Definir los síntomas de la ansiedad resulta ambiguo, puesto que depende mucho de la persona que la sufre. Aun así, lo que tienen en común las personas que sufren este trastorno es que tienen pensamientos, síntomas físicos, comportamientos y emociones que les afectan en la vida cotidiana.

¿Cómo se manifiesta la ansiedad?

Normalmente, las personas que sufren de ansiedad, han sufrido alguna vez lo que se denomina ataque de pánico.  De hecho, cuando se diagnostica que una persona sufre ansiedad es porque ha tenido por primera vez un ataque de pánico.

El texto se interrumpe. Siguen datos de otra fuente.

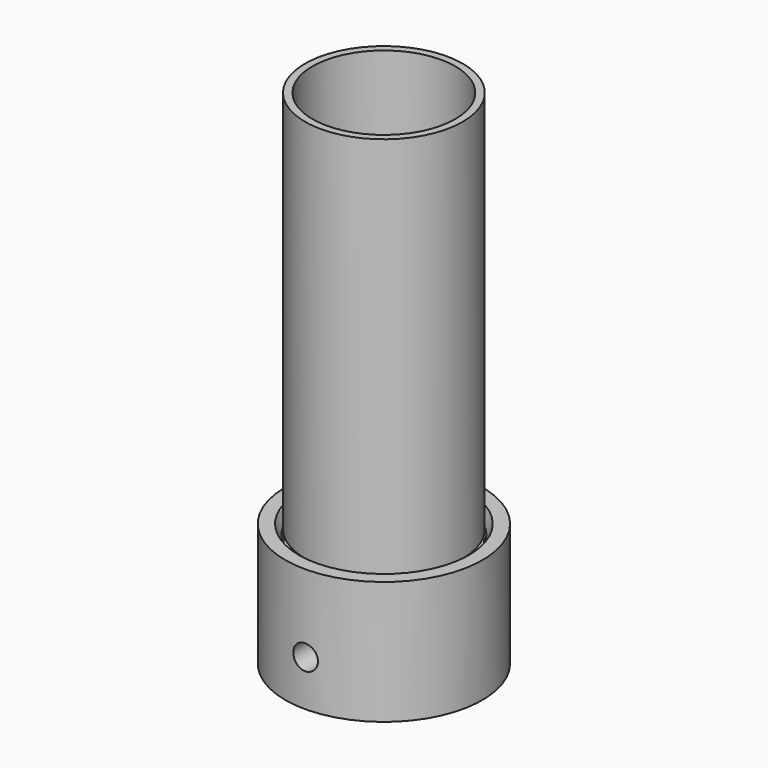
from build123d import *

# Parameters (mm, degrees)
F0_R           = 16
F0_R_2         = 14.5
F1_DEPTH       = 80
F6_D           = 3
F6_DEPTH       = 22
F6_CBORE_D     = 5
F6_CBORE_DEPTH = 5
F6_TIP         = 0.9012909285
F9_D           = 3
F9_DEPTH       = 22
F9_CBORE_D     = 5
F9_CBORE_DEPTH = 5
F9_TIP         = 0.9012909285
F11_R          = 15.9
F12_DEPTH      = 1
F13_R          = 1.5
F14_DEPTH      = 1
F15_R          = 14.5
F16_DEPTH      = 40
F18_R          = 15.9
F19_DEPTH      = 0.5
F21_SIZE2      = 1
F21_SIZE       = 2
F22_SIZE2      = 1.49999
F22_SIZE       = 1.99999


# Not quite as in the source:
# - a fillet or chamfer is up to 0.001 mm smaller than in the source, because OpenCascade refuses the exact size


with BuildPart() as f1:
    # F0 (on Top) → F1 (new body)
    with BuildSketch(Plane.XY):
        Circle(F0_R)
        Circle(F0_R_2, mode=Mode.SUBTRACT)
    extrude(amount=F1_DEPTH)


with BuildPart() as f3:
    # F2 (on Front) → F3 (revolve)
    with BuildSketch(Plane.XZ):
        Polygon((-14.1818207945, 0), (-16.25, 0), (-16.25, 5), (-20, 5), (-20, -20), (0, -20), (0, -12), (-14.1818207945, -3), align=None)
    revolve(axis=Axis((0, 0, -16), (0, 0, 1)))

    # F6
    with Locations(Plane.XZ.offset(20)):
        with Locations((0, -10.7207391411)):
            CounterBoreHole(F6_D / 2, F6_CBORE_D / 2, F6_CBORE_DEPTH, depth=F6_DEPTH)
            with Locations((0, 0, -(F6_DEPTH + F6_TIP / 2))):  # 118° drill point
                Cone(0, F6_D / 2, F6_TIP, mode=Mode.SUBTRACT)

    # F9
    with Locations(Plane(origin=(0, 20, 0), x_dir=(1, 0, 0), z_dir=(0, 1, 0))):
        with Locations((0, 5.594058428)):
            CounterBoreHole(F9_D / 2, F9_CBORE_D / 2, F9_CBORE_DEPTH, depth=F9_DEPTH)
            with Locations((0, 0, -(F9_DEPTH + F9_TIP / 2))):  # 118° drill point
                Cone(0, F9_D / 2, F9_TIP, mode=Mode.SUBTRACT)

    # F21
    f21_edges = [f3.edges().sort_by_distance(p)[0] for p in [
        (16.25, 0, 5),
    ]]
    f21_side = f3.faces().sort_by_distance((16.25, 0, 2.5))[0]
    chamfer(f21_edges, length=F21_SIZE, length2=F21_SIZE2, reference=f21_side)


with BuildPart() as f1_1:
    # F10: moved
    add(f1.part.moved(Location((0, 0, 2))))

    # F22 (size 2 and 1.5 in the source; OpenCascade refuses exactly that, so slightly less here)
    f22_edges = [f1_1.edges().sort_by_distance(p)[0] for p in [
        (-16, 0, 2),
    ]]
    f22_side = f1_1.faces().sort_by_distance((-16, 0, 42))[0]
    chamfer(f22_edges, length=F22_SIZE, length2=F22_SIZE2, reference=f22_side)


with BuildPart() as f12:
    # F11 (on Top) → F12 (new body)
    with BuildSketch(Plane.XY):
        Circle(F11_R)
    extrude(amount=F12_DEPTH)

    # F13 (on Top) → F14 (cut)
    with BuildSketch(Plane.XY):
        with Locations((6.4248272051, -8.8430160073)):
            Circle(F13_R)
        with Locations((-6.4248272051, -8.8430160073)):
            Circle(F13_R)
        with Locations((-10.3955887897, -3.3777315517)):
            Circle(F13_R)
        with Locations((0, -10.9305689111)):
            Circle(F13_R)
        with Locations((-6.4248272051, 8.8430160073)):
            Circle(F13_R)
        with Locations((3.3777315517, 10.3955887897)):
            Circle(F13_R)
        with Locations((-10.3955887897, 3.3777315517)):
            Circle(F13_R)
        with Locations((0, 10.9305689111)):
            Circle(F13_R)
        with Locations((-5.7666221108, 4.1896962064)):
            Circle(F13_R)
        with Locations((2.8609776839, 2.0786219591)):
            Circle(F13_R)
        with Locations((-5.7666221108, -4.1896962064)):
            Circle(F13_R)
        with Locations((-3.3777315517, 10.3955887897)):
            Circle(F13_R)
        with Locations((8.8430160073, -6.4248272051)):
            Circle(F13_R)
        with Locations((-3.5363628995, 0)):
            Circle(F13_R)
        with Locations((-2.202653646, -6.7790708645)):
            Circle(F13_R)
        with Locations((-2.202653646, 6.7790708645)):
            Circle(F13_R)
        with Locations((8.8430160073, 6.4248272051)):
            Circle(F13_R)
        with Locations((2.202653646, 6.7790708645)):
            Circle(F13_R)
        with Locations((6.4248272051, 8.8430160073)):
            Circle(F13_R)
        Circle(F13_R)
        with Locations((10.3955887897, -3.3777315517)):
            Circle(F13_R)
        with Locations((10.9305689111, 0)):
            Circle(F13_R)
        with Locations((5.7666221108, 4.1896962064)):
            Circle(F13_R)
        with Locations((5.7666221108, -4.1896962064)):
            Circle(F13_R)
        with Locations((10.3955887897, 3.3777315517)):
            Circle(F13_R)
        with Locations((2.202653646, -6.7790708645)):
            Circle(F13_R)
        with Locations((-7.1279369295, 0)):
            Circle(F13_R)
        with Locations((-1.0927962342, -3.3632809795)):
            Circle(F13_R)
        with Locations((3.3777315517, -10.3955887897)):
            Circle(F13_R)
        with Locations((2.8609776839, -2.0786219591)):
            Circle(F13_R)
        with Locations((-1.0927962342, 3.3632809795)):
            Circle(F13_R)
        with Locations((-3.3777315517, -10.3955887897)):
            Circle(F13_R)
        with Locations((-8.8430160073, -6.4248272051)):
            Circle(F13_R)
        with Locations((-10.9305689111, 0)):
            Circle(F13_R)
        with Locations((-8.8430160073, 6.4248272051)):
            Circle(F13_R)
        with Locations((7.1279369295, 0)):
            Circle(F13_R)
    extrude(amount=F14_DEPTH, mode=Mode.SUBTRACT)


with BuildPart() as f16:
    # F15 (on Top) → F16 (new body)
    with BuildSketch(Plane.XY):
        Circle(F15_R)
    extrude(amount=F16_DEPTH)


with BuildPart() as f16_1:
    # F17: moved
    add(f16.part.moved(Location((0, 0, 2))))


with BuildPart() as f19:
    # F18 (on Top) → F19 (new body)
    with BuildSketch(Plane.XY):
        Circle(F18_R)
    extrude(amount=F19_DEPTH)


with BuildPart() as f19_1:
    # F20: moved
    add(f19.part.moved(Location((0, 0, 1.25))))


with BuildPart() as f23_1:
    # F23: copy of F3
    add(f3.part)


solid = Compound([f1_1.part, f12.part, f16_1.part, f19_1.part, f23_1.part])

El ataque de pánico es un episodio agudo de ansiedad que puede incluir palpitaciones, taquicardias, sensación de ahogo, mareos, hormigueos a las extremidades, escalofríos, temblores, sensación de rigidez al vientre y la espalda, etc. Además, se  suma una interpretación muy exagerada y catastrófica de estos síntomas: miedo a sufrir un infarto, miedo a desmayarse, miedo a perder el control, miedo a un brote psicótico o miedo a morir.

Cuando una persona detecta alguno de estos síntomas o sabe que ha sufrido un ataque de pánico, normalmente se pone en manos de un psicólogo para tratar el trastorno. Aun así, hay muchas maneras, además del tratamiento psicológico o psiquiátrico de tratar la ansiedad. A la siguiente entrada, hablaremos de varias técnicas de relajación para disminuir la ansiedad en episodios de ataques de pánico.

Esperamos que os haya resultado útil esta entrada, ¡hasta pronto!